- After the Bank of Japan announced its policy decision, the Japanese yen depreciated across the board.
- The Bank of Japan raised interest rates for the first time since 2007 and also abolished the YCC policy.
- Hawkish expectations from the Fed push the USD to a two-week high, supporting USD/JPY.
The Japanese Yen (JPY) saw typical news-selling trading after the Bank of Japan (BoJ) announced its first interest rate hike since 2007 and the end of its Yield Curve Control (YCC) policy this Tuesday. . In an accompanying policy statement, the Bank of Japan indicated that monetary policy would remain accommodative for now, but did not provide any guidance on future policy measures or the pace of normalization.
Following Bank of Japan Governor Kazuo Ueda’s comments, the yen-selling bias remains unabated, and combined with broad-based US dollar (USD) strength, pushed the USD/JPY pair to around 150.50 in early European trading. With the recent gains, the pair has reversed much of the corrective decline recorded over the past two weeks and is now back in a position close to its year-to-date highs reached in February.
Daily Digest Market Movers: Japanese yen falls despite first BOJ interest rate hike since 2007
- The Japanese yen depreciated across the board after the Bank of Japan announced plans to raise short-term interest rates by 10 basis points and gradually reduce purchases of commercial paper and corporate bonds.
- The Bank of Japan also decided to abolish its yield curve control policy, but said it would continue to purchase Japanese government bonds at a steady pace and intervene as necessary if yields rise too high.
- The move comes days after Japan’s biggest companies agreed to their biggest wage hikes in 33 years, data showed inflation remained sticky and the economy avoided recession in the fourth quarter. I was disappointed.
- Japan’s Finance Minister Shunichi Suzuki said this year’s wage negotiations have yielded record wage increases so far, and the government will roll out a range of policies to ensure the positive momentum in wages continues.
- Bank of Japan Governor Kazuo Ueda told a press conference after the meeting that the Bank of Japan would continue purchasing government bonds at “roughly the same amount” as before and would consider a wide range of easing options, including those implemented in the past, if necessary. Ta.
- After better-than-expected U.S. producer and consumer price data released last week, investors are betting on more aggressive policy easing from the Federal Reserve, which continues to support the dollar. We were forced to scale back our bets.
- Markets are currently pricing in fewer than three 25 basis point rate cuts in 2024, with a roughly 51% chance that the Fed will begin a rate cut cycle at its June policy meeting, significantly lower than expected at the beginning of the year. are doing.

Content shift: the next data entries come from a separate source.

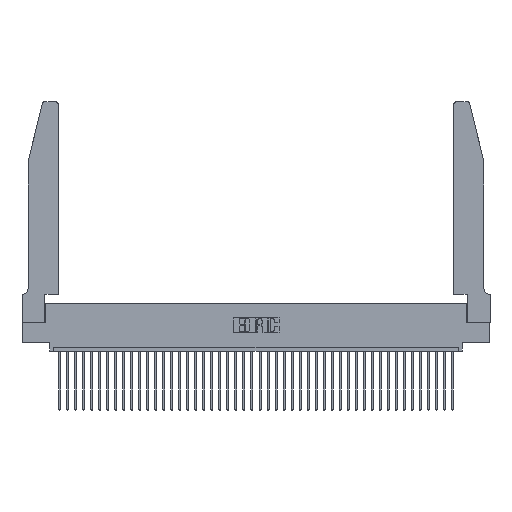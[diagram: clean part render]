
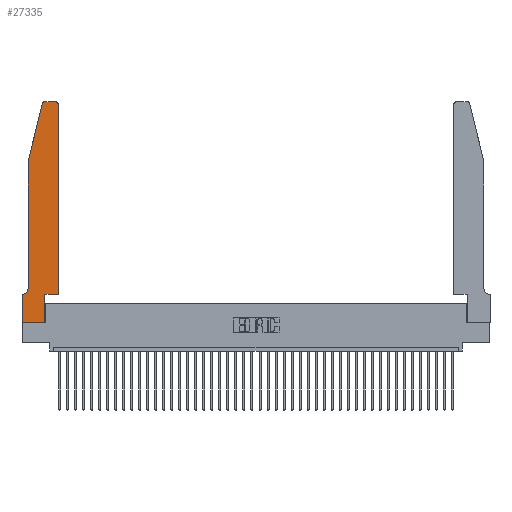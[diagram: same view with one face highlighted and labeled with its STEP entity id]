
A CAD part, top view. The second image highlights one B-rep face of the part: STEP entity #27335.
In plain terms, the highlighted planar face has unit normal (0, 0, 1).
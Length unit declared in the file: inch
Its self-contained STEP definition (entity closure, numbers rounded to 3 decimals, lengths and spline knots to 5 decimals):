
#383 = ORIENTED_EDGE ( 'NONE', *, *, #28475, .T. ) ;
#554 = CARTESIAN_POINT ( 'NONE',  ( 0.284, 2.75, 0.37 ) ) ;
#1500 = VECTOR ( 'NONE', #17679, 39.37008 ) ;
#2561 = DIRECTION ( 'NONE',  ( 1., 0., 0. ) ) ;
#3320 = CARTESIAN_POINT ( 'NONE',  ( 0., 0., 0.37 ) ) ;
#4015 = CARTESIAN_POINT ( 'NONE',  ( 0., 0., 0.37 ) ) ;
#4068 = DIRECTION ( 'NONE',  ( 1., 0., 0. ) ) ;
#4265 = CIRCLE ( 'NONE', #35732, 0.03 ) ;
#4296 = CARTESIAN_POINT ( 'NONE',  ( 0.2865, 0.35, 0.37 ) ) ;
#4352 = CARTESIAN_POINT ( 'NONE',  ( 0.2605, 2.75, 0.37 ) ) ;
#5255 = CARTESIAN_POINT ( 'NONE',  ( 0., 0., 0.37 ) ) ;
#6119 = ORIENTED_EDGE ( 'NONE', *, *, #38800, .T. ) ;
#6215 = CIRCLE ( 'NONE', #16678, 0.07 ) ;
#6489 = VERTEX_POINT ( 'NONE', #15505 ) ;
#6694 = ORIENTED_EDGE ( 'NONE', *, *, #23056, .T. ) ;
#7159 = EDGE_CURVE ( 'NONE', #29307, #37474, #17086, .T. ) ;
#7573 = VECTOR ( 'NONE', #15103, 39.37008 ) ;
#7933 = VECTOR ( 'NONE', #32794, 39.37008 ) ;
#8803 = VERTEX_POINT ( 'NONE', #36408 ) ;
#10089 = EDGE_CURVE ( 'NONE', #19683, #8803, #4265, .T. ) ;
#10630 = DIRECTION ( 'NONE',  ( 1., 0., 0. ) ) ;
#10736 = CARTESIAN_POINT ( 'NONE',  ( 0.2865, 0.35, 0.37 ) ) ;
#12549 = EDGE_LOOP ( 'NONE', ( #6119, #6694, #30839, #41184, #35921, #33345, #26222, #383, #40614, #29750, #29318, #38863 ) ) ;
#12685 = FACE_OUTER_BOUND ( 'NONE', #12549, .T. ) ;
#12852 = VERTEX_POINT ( 'NONE', #30139 ) ;
#12940 = LINE ( 'NONE', #4352, #38518 ) ;
#13269 = CARTESIAN_POINT ( 'NONE',  ( 0.0055, 0.42, 0.37 ) ) ;
#15034 = LINE ( 'NONE', #36856, #1500 ) ;
#15103 = DIRECTION ( 'NONE',  ( -1., 0., 0. ) ) ;
#15505 = CARTESIAN_POINT ( 'NONE',  ( 0.4505, 0.35, 0.37 ) ) ;
#15579 = CARTESIAN_POINT ( 'NONE',  ( 0.0755, 2., 0.37 ) ) ;
#16678 = AXIS2_PLACEMENT_3D ( 'NONE', #13269, #22465, #32459 ) ;
#16923 = PLANE ( 'NONE',  #39995 ) ;
#17086 = LINE ( 'NONE', #37388, #7573 ) ;
#17232 = DIRECTION ( 'NONE',  ( -1., 0., 0. ) ) ;
#17679 = DIRECTION ( 'NONE',  ( 1., 0., 0. ) ) ;
#17867 = DIRECTION ( 'NONE',  ( 1., 0., 0. ) ) ;
#17998 = LINE ( 'NONE', #24362, #26943 ) ;
#18675 = CARTESIAN_POINT ( 'NONE',  ( 0.25487, 2.72718, 0.37 ) ) ;
#18952 = VERTEX_POINT ( 'NONE', #554 ) ;
#19356 = CARTESIAN_POINT ( 'NONE',  ( 0., 0.35, 0.37 ) ) ;
#19683 = VERTEX_POINT ( 'NONE', #30672 ) ;
#19740 = CIRCLE ( 'NONE', #29626, 0.03 ) ;
#19855 = VECTOR ( 'NONE', #23640, 39.37008 ) ;
#21104 = VERTEX_POINT ( 'NONE', #4015 ) ;
#21292 = EDGE_CURVE ( 'NONE', #6489, #19683, #17998, .T. ) ;
#21375 = EDGE_CURVE ( 'NONE', #22720, #29346, #34503, .T. ) ;
#21482 = CARTESIAN_POINT ( 'NONE',  ( 0.284, 2.72, 0.37 ) ) ;
#22053 = DIRECTION ( 'NONE',  ( 0., -1., 0. ) ) ;
#22095 = EDGE_CURVE ( 'NONE', #25456, #22111, #29367, .T. ) ;
#22111 = VERTEX_POINT ( 'NONE', #4296 ) ;
#22212 = VECTOR ( 'NONE', #17867, 39.37008 ) ;
#22465 = DIRECTION ( 'NONE',  ( 0., 0., -1. ) ) ;
#22720 = VERTEX_POINT ( 'NONE', #18675 ) ;
#23056 = EDGE_CURVE ( 'NONE', #18952, #22720, #19740, .T. ) ;
#23133 = LINE ( 'NONE', #5255, #22212 ) ;
#23300 = CARTESIAN_POINT ( 'NONE',  ( 0.0755, 2., 0.37 ) ) ;
#23640 = DIRECTION ( 'NONE',  ( 0., 1., 0. ) ) ;
#23676 = CARTESIAN_POINT ( 'NONE',  ( 0., 0.35, 0.37 ) ) ;
#24189 = VECTOR ( 'NONE', #35000, 39.37008 ) ;
#24362 = CARTESIAN_POINT ( 'NONE',  ( 0.4505, 0.35, 0.37 ) ) ;
#25091 = VECTOR ( 'NONE', #22053, 39.37008 ) ;
#25341 = CARTESIAN_POINT ( 'NONE',  ( 0.0055, 0.35, 0.37 ) ) ;
#25456 = VERTEX_POINT ( 'NONE', #39806 ) ;
#26222 = ORIENTED_EDGE ( 'NONE', *, *, #35003, .T. ) ;
#26865 = DIRECTION ( 'NONE',  ( 0., 0., 1. ) ) ;
#26943 = VECTOR ( 'NONE', #40596, 39.37008 ) ;
#27335 = ADVANCED_FACE ( 'NONE', ( #12685 ), #16923, .T. ) ;
#28475 = EDGE_CURVE ( 'NONE', #21104, #25456, #23133, .T. ) ;
#29307 = VERTEX_POINT ( 'NONE', #25341 ) ;
#29318 = ORIENTED_EDGE ( 'NONE', *, *, #21292, .T. ) ;
#29346 = VERTEX_POINT ( 'NONE', #29601 ) ;
#29367 = LINE ( 'NONE', #10736, #19855 ) ;
#29601 = CARTESIAN_POINT ( 'NONE',  ( 0.0755, 2., 0.37 ) ) ;
#29626 = AXIS2_PLACEMENT_3D ( 'NONE', #21482, #37429, #2561 ) ;
#29672 = CARTESIAN_POINT ( 'NONE',  ( 0.4205, 2.72, 0.37 ) ) ;
#29750 = ORIENTED_EDGE ( 'NONE', *, *, #37780, .T. ) ;
#30139 = CARTESIAN_POINT ( 'NONE',  ( 0.0755, 0.42, 0.37 ) ) ;
#30672 = CARTESIAN_POINT ( 'NONE',  ( 0.4505, 2.72, 0.37 ) ) ;
#30839 = ORIENTED_EDGE ( 'NONE', *, *, #21375, .T. ) ;
#32459 = DIRECTION ( 'NONE',  ( -1., 0., 0. ) ) ;
#32625 = LINE ( 'NONE', #3320, #24189 ) ;
#32794 = DIRECTION ( 'NONE',  ( -0.239, -0.971, 0. ) ) ;
#33345 = ORIENTED_EDGE ( 'NONE', *, *, #7159, .T. ) ;
#34503 = LINE ( 'NONE', #23300, #7933 ) ;
#35000 = DIRECTION ( 'NONE',  ( 0., -1., 0. ) ) ;
#35003 = EDGE_CURVE ( 'NONE', #37474, #21104, #32625, .T. ) ;
#35732 = AXIS2_PLACEMENT_3D ( 'NONE', #29672, #39786, #4068 ) ;
#35921 = ORIENTED_EDGE ( 'NONE', *, *, #37463, .T. ) ;
#36136 = EDGE_CURVE ( 'NONE', #29346, #12852, #39022, .T. ) ;
#36408 = CARTESIAN_POINT ( 'NONE',  ( 0.4205, 2.75, 0.37 ) ) ;
#36856 = CARTESIAN_POINT ( 'NONE',  ( 0.4505, 0.35, 0.37 ) ) ;
#37388 = CARTESIAN_POINT ( 'NONE',  ( 0.0755, 0.35, 0.37 ) ) ;
#37429 = DIRECTION ( 'NONE',  ( 0., 0., 1. ) ) ;
#37463 = EDGE_CURVE ( 'NONE', #12852, #29307, #6215, .T. ) ;
#37474 = VERTEX_POINT ( 'NONE', #19356 ) ;
#37780 = EDGE_CURVE ( 'NONE', #22111, #6489, #15034, .T. ) ;
#38518 = VECTOR ( 'NONE', #17232, 39.37008 ) ;
#38800 = EDGE_CURVE ( 'NONE', #8803, #18952, #12940, .T. ) ;
#38863 = ORIENTED_EDGE ( 'NONE', *, *, #10089, .T. ) ;
#39022 = LINE ( 'NONE', #15579, #25091 ) ;
#39786 = DIRECTION ( 'NONE',  ( 0., 0., 1. ) ) ;
#39806 = CARTESIAN_POINT ( 'NONE',  ( 0.2865, 0., 0.37 ) ) ;
#39995 = AXIS2_PLACEMENT_3D ( 'NONE', #23676, #26865, #10630 ) ;
#40596 = DIRECTION ( 'NONE',  ( 0., 1., 0. ) ) ;
#40614 = ORIENTED_EDGE ( 'NONE', *, *, #22095, .T. ) ;
#41184 = ORIENTED_EDGE ( 'NONE', *, *, #36136, .T. ) ;

- Expectations that the Federal Reserve will keep interest rates high for an extended period of time have pushed the benchmark 10-year US Treasury yield to its highest level in three weeks, further strengthening the US dollar and forecasting a further rise in the US dollar/yen pair. Supporting.
- However, traders were reluctant to bet on anything positive ahead of the highly anticipated Bank of Japan policy decision on Tuesday, followed by the outcome of the two-day FOMC meeting on Wednesday. ing.
Technical Analysis: USD/JPY looks poised to challenge year-to-date highs and conquer the 151.00 mark
From a technical perspective, the sustained strength above the 61.8% Fibonacci retracement level and the psychological mark 150.00 during the February-March decline could be seen as a new trigger for bullish traders. be. Furthermore, the oscillator on the daily chart has just started gaining positive traction, suggesting that the path of least resistance for the USD/JPY pair is to the upside. Therefore, the possibility of some follow-through strength returning towards the 151.00 area, or the year-to-date peak reached in February, seems clear. Sustaining strength above the latter could trigger fresh short-covering activity and pave the way for an extension of the uptrend that has lasted for more than a week.
On the contrary, the 150.00 mark currently appears to be protecting the near-term downside. Any subsequent decline is likely to attract new buyers and remain limited around the 149.20 area. If the follow-through selling continues below the 149.00 mark, the bias will shift in favor of bearish traders and the USD/JPY pair could be pulled further towards the 148.30 area on its way to the 148.00 mark and the 100-day simple moving average. There is sex. (SMA), currently anchored around the 147.65 region.